▽

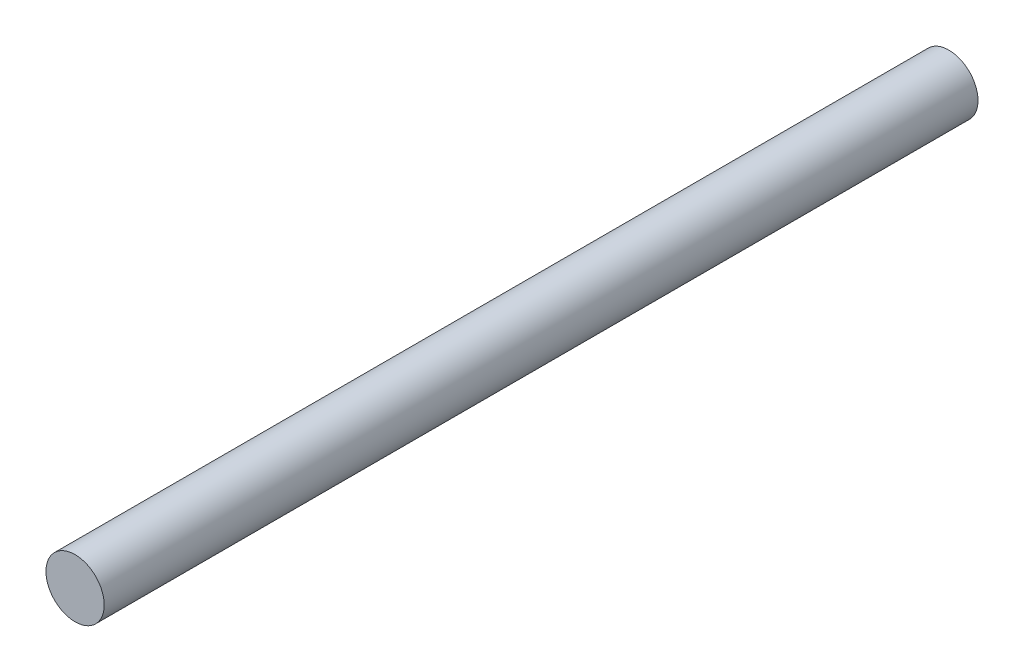
ISO-10303-21;
HEADER;
FILE_DESCRIPTION(('STEP AP214'),'2;1');
FILE_NAME('part.step','',(''),(''),'','','');
FILE_SCHEMA(('AUTOMOTIVE_DESIGN { 1 0 10303 214 1 1 1 1 }'));
ENDSEC;
DATA;
#1=APPLICATION_CONTEXT('core data for automotive mechanical design processes');
#2=APPLICATION_PROTOCOL_DEFINITION('international standard','automotive_design',2000,#1);
#3=PRODUCT_CONTEXT('',#1,'mechanical');
#4=PRODUCT('Part','Part','',(#3));
#5=PRODUCT_RELATED_PRODUCT_CATEGORY('part','',(#4));
#6=PRODUCT_DEFINITION_FORMATION('','',#4);
#7=PRODUCT_DEFINITION_CONTEXT('part definition',#1,'design');
#8=PRODUCT_DEFINITION('design','',#6,#7);
#9=PRODUCT_DEFINITION_SHAPE('','',#8);
#10=(LENGTH_UNIT() NAMED_UNIT(*) SI_UNIT(.MILLI.,.METRE.));
#11=(NAMED_UNIT(*) PLANE_ANGLE_UNIT() SI_UNIT($,.RADIAN.));
#12=(NAMED_UNIT(*) SI_UNIT($,.STERADIAN.) SOLID_ANGLE_UNIT());
#13=UNCERTAINTY_MEASURE_WITH_UNIT(LENGTH_MEASURE(1.E-05),#10,'distance_accuracy_value','');
#14=(GEOMETRIC_REPRESENTATION_CONTEXT(3) GLOBAL_UNCERTAINTY_ASSIGNED_CONTEXT((#13)) GLOBAL_UNIT_ASSIGNED_CONTEXT((#10,
#11,#12)) REPRESENTATION_CONTEXT('',''));
#15=CARTESIAN_POINT('',(0.,0.,0.));
#16=DIRECTION('',(0.,0.,1.));
#17=DIRECTION('',(1.,0.,0.));
#18=AXIS2_PLACEMENT_3D('',#15,#16,#17);
#19=CARTESIAN_POINT('',(0.,0.,120.));
#20=DIRECTION('',(0.,0.,-1.));
#21=DIRECTION('',(-1.,0.,0.));
#22=AXIS2_PLACEMENT_3D('',#19,#20,#21);
#23=CYLINDRICAL_SURFACE('',#22,4.);
#24=CARTESIAN_POINT('',(0.,0.,120.));
#25=DIRECTION('',(0.,0.,1.));
#26=DIRECTION('',(1.,0.,0.));
#27=AXIS2_PLACEMENT_3D('',#24,#25,#26);
#28=CIRCLE('',#27,4.);
#29=CARTESIAN_POINT('',(4.,0.,120.));
#30=VERTEX_POINT('',#29);
#31=EDGE_CURVE('E10',#30,#30,#28,.T.);
#32=ORIENTED_EDGE('',*,*,#31,.F.);
#33=EDGE_LOOP('',(#32));
#34=FACE_BOUND('',#33,.T.);
#35=CARTESIAN_POINT('',(0.,0.,0.));
#36=DIRECTION('',(0.,0.,1.));
#37=DIRECTION('',(1.,0.,0.));
#38=AXIS2_PLACEMENT_3D('',#35,#36,#37);
#39=CIRCLE('',#38,4.);
#40=CARTESIAN_POINT('',(4.,0.,0.));
#41=VERTEX_POINT('',#40);
#42=EDGE_CURVE('E40',#41,#41,#39,.T.);
#43=ORIENTED_EDGE('',*,*,#42,.T.);
#44=EDGE_LOOP('',(#43));
#45=FACE_BOUND('',#44,.T.);
#46=ADVANCED_FACE('F37',(#34,#45),#23,.T.);
#47=CARTESIAN_POINT('',(0.,0.,120.));
#48=DIRECTION('',(0.,0.,1.));
#49=DIRECTION('',(1.,0.,0.));
#50=AXIS2_PLACEMENT_3D('',#47,#48,#49);
#51=PLANE('',#50);
#52=ORIENTED_EDGE('',*,*,#31,.T.);
#53=EDGE_LOOP('',(#52));
#54=FACE_BOUND('',#53,.T.);
#55=ADVANCED_FACE('F54',(#54),#51,.T.);
#56=CARTESIAN_POINT('',(0.,0.,0.));
#57=DIRECTION('',(0.,0.,1.));
#58=DIRECTION('',(1.,0.,0.));
#59=AXIS2_PLACEMENT_3D('',#56,#57,#58);
#60=PLANE('',#59);
#61=ORIENTED_EDGE('',*,*,#42,.F.);
#62=EDGE_LOOP('',(#61));
#63=FACE_BOUND('',#62,.T.);
#64=ADVANCED_FACE('F52',(#63),#60,.F.);
#65=CLOSED_SHELL('',(#46,#55,#64));
#66=MANIFOLD_SOLID_BREP('B2',#65);
#67=ADVANCED_BREP_SHAPE_REPRESENTATION('',(#18,#66),#14);
#68=SHAPE_DEFINITION_REPRESENTATION(#9,#67);
ENDSEC;
END-ISO-10303-21;

△

**Goal of the exercise:** Repeat each entry exactly. Pictures do not belong in the copy.

**Completed exercise:**
ISO-10303-21;
HEADER;
FILE_DESCRIPTION(('STEP AP214'),'2;1');
FILE_NAME('part.step','',(''),(''),'','','');
FILE_SCHEMA(('AUTOMOTIVE_DESIGN { 1 0 10303 214 1 1 1 1 }'));
ENDSEC;
DATA;
#1=APPLICATION_CONTEXT('core data for automotive mechanical design processes');
#2=APPLICATION_PROTOCOL_DEFINITION('international standard','automotive_design',2000,#1);
#3=PRODUCT_CONTEXT('',#1,'mechanical');
#4=PRODUCT('Part','Part','',(#3));
#5=PRODUCT_RELATED_PRODUCT_CATEGORY('part','',(#4));
#6=PRODUCT_DEFINITION_FORMATION('','',#4);
#7=PRODUCT_DEFINITION_CONTEXT('part definition',#1,'design');
#8=PRODUCT_DEFINITION('design','',#6,#7);
#9=PRODUCT_DEFINITION_SHAPE('','',#8);
#10=(LENGTH_UNIT() NAMED_UNIT(*) SI_UNIT(.MILLI.,.METRE.));
#11=(NAMED_UNIT(*) PLANE_ANGLE_UNIT() SI_UNIT($,.RADIAN.));
#12=(NAMED_UNIT(*) SI_UNIT($,.STERADIAN.) SOLID_ANGLE_UNIT());
#13=UNCERTAINTY_MEASURE_WITH_UNIT(LENGTH_MEASURE(1.E-05),#10,'distance_accuracy_value','');
#14=(GEOMETRIC_REPRESENTATION_CONTEXT(3) GLOBAL_UNCERTAINTY_ASSIGNED_CONTEXT((#13)) GLOBAL_UNIT_ASSIGNED_CONTEXT((#10,
#11,#12)) REPRESENTATION_CONTEXT('',''));
#15=CARTESIAN_POINT('',(0.,0.,0.));
#16=DIRECTION('',(0.,0.,1.));
#17=DIRECTION('',(1.,0.,0.));
#18=AXIS2_PLACEMENT_3D('',#15,#16,#17);
#19=CARTESIAN_POINT('',(0.,0.,120.));
#20=DIRECTION('',(0.,0.,-1.));
#21=DIRECTION('',(-1.,0.,0.));
#22=AXIS2_PLACEMENT_3D('',#19,#20,#21);
#23=CYLINDRICAL_SURFACE('',#22,4.);
#24=CARTESIAN_POINT('',(0.,0.,120.));
#25=DIRECTION('',(0.,0.,1.));
#26=DIRECTION('',(1.,0.,0.));
#27=AXIS2_PLACEMENT_3D('',#24,#25,#26);
#28=CIRCLE('',#27,4.);
#29=CARTESIAN_POINT('',(4.,0.,120.));
#30=VERTEX_POINT('',#29);
#31=EDGE_CURVE('E10',#30,#30,#28,.T.);
#32=ORIENTED_EDGE('',*,*,#31,.F.);
#33=EDGE_LOOP('',(#32));
#34=FACE_BOUND('',#33,.T.);
#35=CARTESIAN_POINT('',(0.,0.,0.));
#36=DIRECTION('',(0.,0.,1.));
#37=DIRECTION('',(1.,0.,0.));
#38=AXIS2_PLACEMENT_3D('',#35,#36,#37);
#39=CIRCLE('',#38,4.);
#40=CARTESIAN_POINT('',(4.,0.,0.));
#41=VERTEX_POINT('',#40);
#42=EDGE_CURVE('E40',#41,#41,#39,.T.);
#43=ORIENTED_EDGE('',*,*,#42,.T.);
#44=EDGE_LOOP('',(#43));
#45=FACE_BOUND('',#44,.T.);
#46=ADVANCED_FACE('F37',(#34,#45),#23,.T.);
#47=CARTESIAN_POINT('',(0.,0.,120.));
#48=DIRECTION('',(0.,0.,1.));
#49=DIRECTION('',(1.,0.,0.));
#50=AXIS2_PLACEMENT_3D('',#47,#48,#49);
#51=PLANE('',#50);
#52=ORIENTED_EDGE('',*,*,#31,.T.);
#53=EDGE_LOOP('',(#52));
#54=FACE_BOUND('',#53,.T.);
#55=ADVANCED_FACE('F54',(#54),#51,.T.);
#56=CARTESIAN_POINT('',(0.,0.,0.));
#57=DIRECTION('',(0.,0.,1.));
#58=DIRECTION('',(1.,0.,0.));
#59=AXIS2_PLACEMENT_3D('',#56,#57,#58);
#60=PLANE('',#59);
#61=ORIENTED_EDGE('',*,*,#42,.F.);
#62=EDGE_LOOP('',(#61));
#63=FACE_BOUND('',#62,.T.);
#64=ADVANCED_FACE('F52',(#63),#60,.F.);
#65=CLOSED_SHELL('',(#46,#55,#64));
#66=MANIFOLD_SOLID_BREP('B2',#65);
#67=ADVANCED_BREP_SHAPE_REPRESENTATION('',(#18,#66),#14);
#68=SHAPE_DEFINITION_REPRESENTATION(#9,#67);
ENDSEC;
END-ISO-10303-21;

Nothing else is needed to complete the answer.